Work to complete:
All pictures are to be skipped; retype only the lines from the top of the entries through the line with "line L2 (200, -6) -> (0, -12.5)", both included.

Records contained in a dataset:
# # #
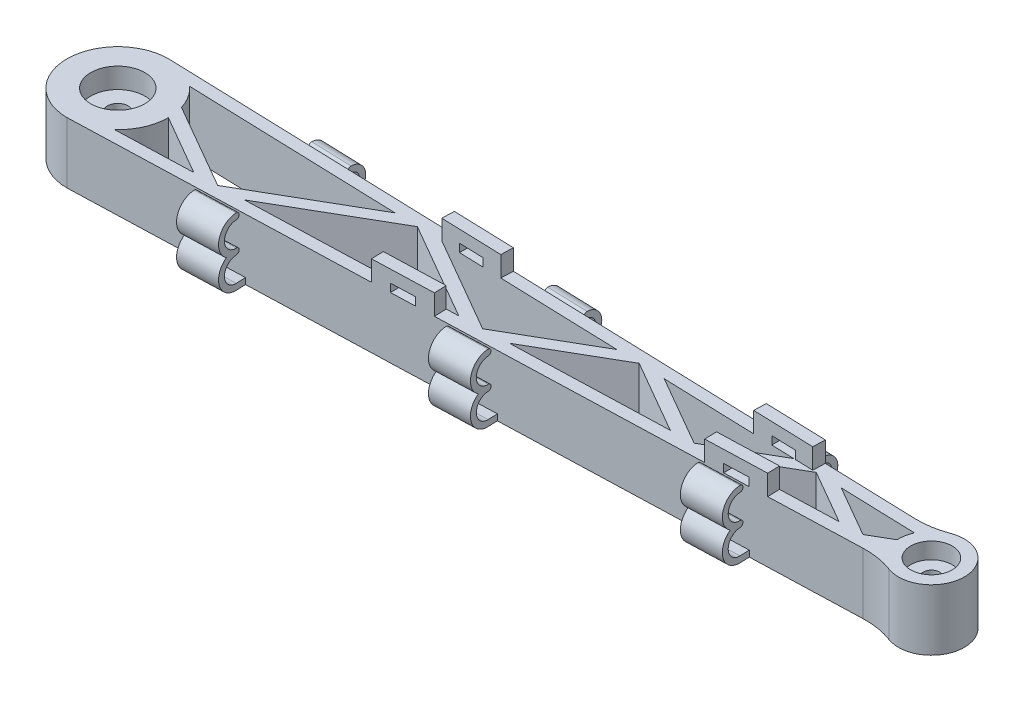
SolidWorks part; units mm, degrees
ref_plane "Front Plane" through (0, 0, 0) normal (0, 0, 1) x (1, 0, 0)
ref_plane "Top Plane" through (0, 0, 0) normal (0, 1, 0) x (1, 0, 0)
ref_plane "Right Plane" through (0, 0, 0) normal (1, 0, 0) x (0, 0, -1)
sketch "Sketch1" plane through (0, 0, 0) normal (0, 1, 0) x (1, 0, 0)
  line L0 (200, -6) -> (200, 6)
  line L1 (200, 6) -> (0, 12.5)
  line L2 (200, -6) -> (0, -12.5)
  line L3 (8.4358, 9.2243) -> (60.6202, 7.5283)
  line L4 (8.4358, -9.2243) -> (27.3057, -8.611)
  line L5 (197, 3.0959) -> (197, 2.5702)
  line L6 (32.986, -8.4264) -> (60.6202, 7.5283)
  line L7 (0, 0) -> (47.5809, 0) construction
  line L8 (39.3439, -8.2197) -> (66.3005, 7.3437)
  line L9 (32.986, -8.4264) -> (11.9305, 3.73)
  line L10 (66.3005, 7.3437) -> (90.3839, -6.5609)
  line L11 (72.6584, 7.137) -> (96.0642, -6.3763)
  line L12 (27.3057, -8.611) -> (12.4998, -0.0628)
  line L13 (96.0642, -6.3763) -> (116.9753, 5.6967)
  line L14 (102.4221, -6.1697) -> (122.6556, 5.5121)
  line L15 (122.6556, 5.5121) -> (140.7325, -4.9246)
  line L16 (129.0135, 5.3055) -> (146.4127, -4.74)
  line L17 (146.4127, -4.74) -> (161.9575, 4.2348)
  line L18 (152.7706, -4.5334) -> (167.6378, 4.0502)
  line L19 (167.6378, 4.0502) -> (180.9204, -3.6185)
  line L20 (173.9957, 3.8436) -> (186.6006, -3.4339)
  line L21 (186.6006, -3.4339) -> (197, 2.5702)
  line L22 (192.9585, -3.2273) -> (197, -0.8939)
  line L23 (197, -0.8939) -> (197, -3.0959)
  line L24 (173.9957, 3.8436) -> (197, 3.0959)
  line L25 (192.9585, -3.2273) -> (197, -3.0959)
  line L26 (180.6529, 0) -> (192.5483, 0) construction
  line L27 (160.6227, 0) -> (174.6529, 0) construction
  line L28 (152.7706, -4.5334) -> (180.9204, -3.6185)
  line L29 (129.0135, 5.3055) -> (161.9575, 4.2348)
  line L30 (138.2028, 0) -> (154.6227, 0) construction
  line L31 (113.1083, 0) -> (132.2028, 0) construction
  line L32 (102.4221, -6.1697) -> (140.7325, -4.9246)
  line L33 (85.02, 0) -> (107.1083, 0) construction
  line L34 (72.6584, 7.137) -> (116.9753, 5.6967)
  line L35 (53.5809, 0) -> (79.02, 0) construction
  line L36 (39.3439, -8.2197) -> (90.3839, -6.5609)
  circle A0 centre (0, 0) radius 6.65
  arc A1 (0, 12.5) -> (0, -12.5) centre (0, 0) ccw
  arc A2 (8.4358, -9.2243) -> (12.5, 0) centre (0, 0) ccw
  arc A3 (11.9305, 3.73) -> (8.4358, 9.2243) centre (0, 0) ccw
  point P6 (200, 0)
  dimension "D1" = 13.3
  dimension "D4" = 25
  dimension "D2" = 12
  dimension "D3" = 200
  dimension "D5" = 3
  dimension "D6" = 3
  dimension "D7" = 3
  dimension "D8" = 150
  dimension "D9" = 150
  dimension "D10" = 3
  dimension "D11" = 3
  dimension "D12" = 3
  dimension "D13" = 3
  dimension "D14" = 3
  dimension "D15" = 3
  dimension "D16" = 3
  dimension "D17" = 3
extrude "Boss-Extrude1" add sketch "Sketch1" along normal blind 15 contours L1 A1 L2 L0 L11 L34 L13 L16 L29 L17 L20 L24 L5 L21 L25 L22 L23 L28 L18 L19 L32 L14 L15 L36 L8 L10 A0 L4 A2 L12 L9 A3 L3 L6 region at (99.9305, 0, 7.1115)
ref_plane "Plane1" through (0, 10, 0) normal (0, 1, 0) x (1, 0, 0)
sketch "Sketch2" plane through (0, 10, 0) normal (0, 1, 0) x (1, 0, 0)
  circle A0 centre (0, 0) radius 6.65
  circle A1 centre (0, 0) radius 2.5
  dimension "D1" = 5
extrude "Boss-Extrude2" add sketch "Sketch2" against normal blind 5
sketch "Sketch3" plane through (0, 15, 0) normal (0, 1, 0) x (1, 0, 0)
  line L1 (200, -6) -> (200, 6) construction
  circle A1 centre (200, 0) radius 5.1
  circle A2 centre (200, 0) radius 8.1
  dimension "D1" = 10.2
  dimension "D2" = 3
extrude "Boss-Extrude3" add sketch "Sketch3" against normal through all
sketch "Sketch4" plane through (0, 15, 0) normal (0, 1, 0) x (1, 0, 0)
  line L0 (200, -5.1) -> (200, 5.1) construction
  circle A0 centre (200, 0) radius 5.1
extrude "Cut-Extrude1" cut sketch "Sketch4" against normal through all
fillet "Fillet1" radius 20 2 edges at (194.7527, 7.5, -6.1705) (194.7527, 7.5, 6.1705)
sketch "Sketch5" plane through (0, 10, 0) normal (0, 1, 0) x (1, 0, 0)
  circle A0 centre (200, 0) radius 5.1
  circle A1 centre (200, 0) radius 2
  dimension "D1" = 4
extrude "Boss-Extrude4" add sketch "Sketch5" against normal blind 6 and the other way blind 1
sketch "Sketch6" plane through (0, 15, 0) normal (0, 1, 0) x (1, 0, 0)
  line L7 (151.8463, 7.565) -> (166.8384, 7.0778)
  line L8 (151.8463, 7.565) -> (151.7489, 4.5666)
  line L9 (166.8384, 7.0778) -> (166.741, 4.0793)
  line L10 (151.7489, 4.5666) -> (166.741, 4.0793)
  line L11 (189.5339, 6.3401) -> (0, 12.5) construction
  line L12 (72.598, 10.1406) -> (87.5901, 9.6533)
  line L13 (72.598, 10.1406) -> (72.5006, 7.1421)
  line L14 (87.5901, 9.6533) -> (87.4927, 6.6549)
  line L15 (72.5006, 7.1421) -> (87.4927, 6.6549)
  line L16 (129.0135, 5.3055) -> (161.9575, 4.2348) construction
  line L17 (72.6584, 7.137) -> (116.9753, 5.6967) construction
  line L18 (166.8384, -7.0778) -> (151.8463, -7.565)
  line L19 (166.8384, -7.0778) -> (166.741, -4.0793)
  line L20 (151.8463, -7.565) -> (151.7489, -4.5666)
  line L21 (166.741, -4.0793) -> (151.7489, -4.5666)
  line L22 (189.5339, -6.3401) -> (0, -12.5) construction
  line L23 (152.7706, -4.5334) -> (180.9204, -3.6185) construction
  line L24 (87.4927, -9.6565) -> (72.5006, -10.1437)
  line L25 (87.4927, -9.6565) -> (87.3952, -6.6581)
  line L26 (72.5006, -10.1437) -> (72.4031, -7.1453)
  line L27 (87.3952, -6.6581) -> (72.4031, -7.1453)
  line L28 (39.3439, -8.2197) -> (90.3839, -6.5609) construction
  dimension "D1" = 15
  dimension "D2" = 15
extrude "Boss-Extrude5" add sketch "Sketch6" along normal blind 5
sketch "Sketch8" plane through (0, 0, 0) normal (0, 0, 1) x (1, 0, 0)
  line L0 (77.0006, 15) -> (83.0006, 15)
  line L1 (77.0006, 15) -> (77.0006, 17)
  line L2 (83.0006, 15) -> (83.0006, 17)
  line L3 (77.0006, 17) -> (83.0006, 17)
  line L4 (156.3463, 15) -> (162.3463, 15)
  line L5 (156.3463, 15) -> (156.3463, 17)
  line L6 (162.3463, 15) -> (162.3463, 17)
  line L7 (156.3463, 17) -> (162.3463, 17)
  line L8 (72.5006, 20) -> (72.5006, 15) construction
  line L9 (151.8463, 20) -> (151.8463, 15) construction
  line L10 (151.8463, 15) -> (87.4927, 15) construction
  dimension "D1" = 6
  dimension "D2" = 2
  dimension "D3" = 4.5
  dimension "D4" = 4.5
  dimension "D5" = 6
  dimension "D6" = 2
  dimension "D7" = 0
extrude "Cut-Extrude3" cut sketch "Sketch8" against normal blind 12 and the other way blind 12
ref_plane "Plane2" through (32.2133, 0, 1.0469) normal (-0.9995, 0, -0.0325) x (-0.0325, 0, 0.9995)
sketch "Sketch9" plane through (32.2133, 0, 1.0469) normal (-0.9995, 0, -0.0325) x (-0.0325, 0, 0.9995)
  line L0 (-12.4934, 15) -> (-12.4934, 0) construction
  line L1 (-12.4934, 0) -> (12.5, 0) construction
  line L3 (-15.9934, 0) -> (-12.4934, 0)
  line L5 (-15.9934, 1.5) -> (-12.4934, 1.5)
  line L6 (-12.4934, 0) -> (-12.4934, 1.5)
  arc A0 (-15.9934, 5.5) -> (-15.9934, 1.5) centre (-15.9934, 3.5) ccw
  arc A1 (-18.1585, 6.25) -> (-15.9934, 0) centre (-15.9934, 3.5) ccw
  arc A2 (-15.9934, 12.5) -> (-18.1585, 6.25) centre (-15.9934, 9) ccw
  arc A3 (-15.9934, 11) -> (-15.9934, 7) centre (-15.9934, 9) ccw
  arc A4 (-15.9934, 11) -> (-15.9934, 12.5) centre (-15.9934, 11.75) ccw
  arc A5 (-15.9934, 5.5) -> (-15.9934, 7) centre (-15.9934, 6.25) ccw
  dimension "D1" = 4
  dimension "D2" = 1.5
extrude "Boss-Extrude6" add sketch "Sketch9" against normal blind 10 contours A0 A5 A3 A4 A2 A1 L3 L6 L5 region at (32.7698, 5.4682, -16.0742)
ref_plane "Plane3" through (92.1817, 0, 2.9959) normal (0.9995, 0, 0.0325) x (0.0325, 0, -0.9995)
sketch "Sketch10" plane through (92.1817, 0, 2.9959) normal (0.9995, 0, 0.0325) x (0.0325, 0, -0.9995)
  line L3 (15.9934, 1.5) -> (12.4934, 1.5)
  line L4 (12.4934, 1.5) -> (12.4934, 0)
  line L5 (12.4934, 0) -> (15.9934, 0)
  line L6 (15.9934, 1.5) -> (12.4934, 1.5)
  line L7 (12.4934, 1.5) -> (12.4934, 0)
  line L8 (12.4934, 0) -> (15.9934, 0)
  arc A6 (15.9934, 1.5) -> (15.9934, 5.5) centre (15.9934, 3.5) ccw
  arc A7 (15.9934, 0) -> (18.1585, 6.25) centre (15.9934, 3.5) ccw
  arc A8 (18.1585, 6.25) -> (15.9934, 12.5) centre (15.9934, 9) ccw
  arc A9 (15.9934, 12.5) -> (15.9934, 11) centre (15.9934, 11.75) ccw
  arc A10 (15.9934, 7) -> (15.9934, 11) centre (15.9934, 9) ccw
  arc A11 (15.9934, 7) -> (15.9934, 5.5) centre (15.9934, 6.25) ccw
  arc A12 (15.9934, 1.5) -> (15.9934, 5.5) centre (15.9934, 3.5) ccw
  arc A13 (15.9934, 0) -> (18.1585, 6.25) centre (15.9934, 3.5) ccw
  arc A14 (18.1585, 6.25) -> (15.9934, 12.5) centre (15.9934, 9) ccw
  arc A15 (15.9934, 12.5) -> (15.9934, 11) centre (15.9934, 11.75) ccw
  arc A16 (15.9934, 7) -> (15.9934, 11) centre (15.9934, 9) ccw
  arc A17 (15.9934, 7) -> (15.9934, 5.5) centre (15.9934, 6.25) ccw
  dimension "D1" = 0
extrude "Boss-Extrude7" add sketch "Sketch10" along normal blind 10
ref_plane "Plane4" through (152.15, 0, 4.9449) normal (0.9995, 0, 0.0325) x (0.0325, 0, -0.9995)
sketch "Sketch11" plane through (152.15, 0, 4.9449) normal (0.9995, 0, 0.0325) x (0.0325, 0, -0.9995)
  line L3 (15.9934, 1.5) -> (12.4934, 1.5)
  line L4 (12.4934, 1.5) -> (12.4934, 0)
  line L5 (12.4934, 0) -> (15.9934, 0)
  line L6 (15.9934, 1.5) -> (12.4934, 1.5)
  line L7 (12.4934, 1.5) -> (12.4934, 0)
  line L8 (12.4934, 0) -> (15.9934, 0)
  arc A6 (15.9934, 1.5) -> (15.9934, 5.5) centre (15.9934, 3.5) ccw
  arc A7 (15.9934, 0) -> (18.1585, 6.25) centre (15.9934, 3.5) ccw
  arc A8 (18.1585, 6.25) -> (15.9934, 12.5) centre (15.9934, 9) ccw
  arc A9 (15.9934, 12.5) -> (15.9934, 11) centre (15.9934, 11.75) ccw
  arc A10 (15.9934, 7) -> (15.9934, 11) centre (15.9934, 9) ccw
  arc A11 (15.9934, 7) -> (15.9934, 5.5) centre (15.9934, 6.25) ccw
  arc A12 (15.9934, 1.5) -> (15.9934, 5.5) centre (15.9934, 3.5) ccw
  arc A13 (15.9934, 0) -> (18.1585, 6.25) centre (15.9934, 3.5) ccw
  arc A14 (18.1585, 6.25) -> (15.9934, 12.5) centre (15.9934, 9) ccw
  arc A15 (15.9934, 12.5) -> (15.9934, 11) centre (15.9934, 11.75) ccw
  arc A16 (15.9934, 7) -> (15.9934, 11) centre (15.9934, 9) ccw
  arc A17 (15.9934, 7) -> (15.9934, 5.5) centre (15.9934, 6.25) ccw
  dimension "D1" = 0
extrude "Boss-Extrude8" add sketch "Sketch11" along normal blind 10
ref_plane "Plane5" through (32.1159, 0, -1.0438) normal (-0.9995, 0, 0.0325) x (0.0325, 0, 0.9995)
sketch "Sketch12" plane through (32.1159, 0, -1.0438) normal (-0.9995, 0, 0.0325) x (0.0325, 0, 0.9995)
  line L0 (-0.0033, 0) -> (-0.0033, 15) construction
  line L1 (-12.5, 0) -> (12.4934, 0) construction
  line L2 (12.4934, 15) -> (-12.5, 15) construction
  line L9 (14.8582, 0) -> (10.3677, 0)
  line L10 (10.3677, 0) -> (10.3677, 1.5)
  line L11 (10.3677, 1.5) -> (14.8582, 1.5)
  ellipse E0 centre (14.8582, 8.25) end of major axis (14.8582, 9) minor radius 0.7484 (14.8582, 7.5) -> (14.8582, 9) cw
  ellipse E1 centre (14.8582, 12) end of major axis (14.8582, 15) minor radius 2.9937 (14.8582, 15) -> (14.8582, 9) cw
  ellipse E2 centre (14.8582, 15.75) end of major axis (14.8582, 16.5) minor radius 0.7484 (14.8582, 15) -> (14.8582, 16.5) cw
  ellipse E3 centre (14.8582, 12) end of major axis (14.8582, 16.5) minor radius 4.4905 (14.8582, 16.5) -> (17.3404, 8.25) cw
  ellipse E4 centre (14.8582, 4.5) end of major axis (14.8582, 9) minor radius 4.4905 (17.3404, 8.25) -> (14.8582, 0) cw
  ellipse E5 centre (14.8582, 4.5) end of major axis (14.8582, 7.5) minor radius 2.9937 (14.8582, 7.5) -> (14.8582, 1.5) cw
extrude "Boss-Extrude9" add sketch "Sketch12" against normal blind 10
ref_plane "Plane6" through (92.0842, 0, -2.9927) normal (0.9995, 0, -0.0325) x (-0.0325, 0, -0.9995)
sketch "Sketch13" plane through (92.0842, 0, -2.9927) normal (0.9995, 0, -0.0325) x (-0.0325, 0, -0.9995)
  line L3 (-14.8582, 0) -> (-12.4934, 0)
  line L4 (-12.4934, 0) -> (-12.4934, 1.5)
  line L5 (-12.4934, 1.5) -> (-14.8582, 1.5)
  line L6 (-14.8582, 0) -> (-12.4934, 0)
  line L7 (-12.4934, 0) -> (-12.4934, 1.5)
  line L8 (-12.4934, 1.5) -> (-14.8582, 1.5)
  ellipse E6 centre (-14.8582, 4.5) end of major axis (-14.8582, 7.5) minor radius 2.9937 (-14.8582, 7.5) -> (-14.8582, 1.5) ccw
  ellipse E7 centre (-14.8582, 8.25) end of major axis (-14.8582, 9) minor radius 0.7484 (-14.8582, 7.5) -> (-14.8582, 9) ccw
  ellipse E8 centre (-14.8582, 12) end of major axis (-14.8582, 15) minor radius 2.9937 (-14.8582, 15) -> (-14.8582, 9) ccw
  ellipse E9 centre (-14.8582, 15.75) end of major axis (-14.8582, 16.5) minor radius 0.7484 (-14.8582, 15) -> (-14.8582, 16.5) ccw
  ellipse E10 centre (-14.8582, 12) end of major axis (-14.8582, 16.5) minor radius 4.4905 (-14.8582, 16.5) -> (-17.3404, 8.25) ccw
  ellipse E11 centre (-14.8582, 4.5) end of major axis (-14.8582, 9) minor radius 4.4905 (-17.3404, 8.25) -> (-14.8582, 0) ccw
  ellipse E12 centre (-14.8582, 4.5) end of major axis (-14.8582, 7.5) minor radius 2.9937 (-14.8582, 7.5) -> (-14.8582, 1.5) ccw
  ellipse E13 centre (-14.8582, 8.25) end of major axis (-14.8582, 9) minor radius 0.7484 (-14.8582, 7.5) -> (-14.8582, 9) ccw
  ellipse E14 centre (-14.8582, 12) end of major axis (-14.8582, 15) minor radius 2.9937 (-14.8582, 15) -> (-14.8582, 9) ccw
  ellipse E15 centre (-14.8582, 15.75) end of major axis (-14.8582, 16.5) minor radius 0.7484 (-14.8582, 15) -> (-14.8582, 16.5) ccw
  ellipse E16 centre (-14.8582, 12) end of major axis (-14.8582, 16.5) minor radius 4.4905 (-14.8582, 16.5) -> (-17.3404, 8.25) ccw
  ellipse E17 centre (-14.8582, 4.5) end of major axis (-14.8582, 9) minor radius 4.4905 (-17.3404, 8.25) -> (-14.8582, 0) ccw
  dimension "D1" = 0
extrude "Boss-Extrude10" add sketch "Sketch13" along normal blind 10
ref_plane "Plane7" through (152.0525, 0, -4.9417) normal (0.9995, 0, -0.0325) x (-0.0325, 0, -0.9995)
sketch "Sketch14" plane through (152.0525, 0, -4.9417) normal (0.9995, 0, -0.0325) x (-0.0325, 0, -0.9995)
  line L3 (-14.8582, 0) -> (-12.4934, 0)
  line L4 (-12.4934, 0) -> (-12.4934, 1.5)
  line L5 (-12.4934, 1.5) -> (-14.8582, 1.5)
  line L6 (-14.8582, 0) -> (-12.4934, 0)
  line L7 (-12.4934, 0) -> (-12.4934, 1.5)
  line L8 (-12.4934, 1.5) -> (-14.8582, 1.5)
  ellipse E6 centre (-14.8582, 4.5) end of major axis (-14.8582, 9) minor radius 4.4905 (-17.3404, 8.25) -> (-14.8582, 0) ccw
  ellipse E7 centre (-14.8582, 4.5) end of major axis (-14.8582, 7.5) minor radius 2.9937 (-14.8582, 7.5) -> (-14.8582, 1.5) ccw
  ellipse E8 centre (-14.8582, 8.25) end of major axis (-14.8582, 9) minor radius 0.7484 (-14.8582, 7.5) -> (-14.8582, 9) ccw
  ellipse E9 centre (-14.8582, 12) end of major axis (-14.8582, 15) minor radius 2.9937 (-14.8582, 15) -> (-14.8582, 9) ccw
  ellipse E10 centre (-14.8582, 15.75) end of major axis (-14.8582, 16.5) minor radius 0.7484 (-14.8582, 15) -> (-14.8582, 16.5) ccw
  ellipse E11 centre (-14.8582, 12) end of major axis (-14.8582, 16.5) minor radius 4.4905 (-14.8582, 16.5) -> (-17.3404, 8.25) ccw
  ellipse E12 centre (-14.8582, 4.5) end of major axis (-14.8582, 9) minor radius 4.4905 (-17.3404, 8.25) -> (-14.8582, 0) ccw
  ellipse E13 centre (-14.8582, 4.5) end of major axis (-14.8582, 7.5) minor radius 2.9937 (-14.8582, 7.5) -> (-14.8582, 1.5) ccw
  ellipse E14 centre (-14.8582, 8.25) end of major axis (-14.8582, 9) minor radius 0.7484 (-14.8582, 7.5) -> (-14.8582, 9) ccw
  ellipse E15 centre (-14.8582, 12) end of major axis (-14.8582, 15) minor radius 2.9937 (-14.8582, 15) -> (-14.8582, 9) ccw
  ellipse E16 centre (-14.8582, 15.75) end of major axis (-14.8582, 16.5) minor radius 0.7484 (-14.8582, 15) -> (-14.8582, 16.5) ccw
  ellipse E17 centre (-14.8582, 12) end of major axis (-14.8582, 16.5) minor radius 4.4905 (-14.8582, 16.5) -> (-17.3404, 8.25) ccw
  dimension "D1" = 0
extrude "Boss-Extrude11" add sketch "Sketch14" along normal blind 10
# # #
Task response:
SolidWorks part; units mm, degrees
ref_plane "Front Plane" through (0, 0, 0) normal (0, 0, 1) x (1, 0, 0)
ref_plane "Top Plane" through (0, 0, 0) normal (0, 1, 0) x (1, 0, 0)
ref_plane "Right Plane" through (0, 0, 0) normal (1, 0, 0) x (0, 0, -1)
sketch "Sketch1" plane through (0, 0, 0) normal (0, 1, 0) x (1, 0, 0)
  line L0 (200, -6) -> (200, 6)
  line L1 (200, 6) -> (0, 12.5)
  line L2 (200, -6) -> (0, -12.5)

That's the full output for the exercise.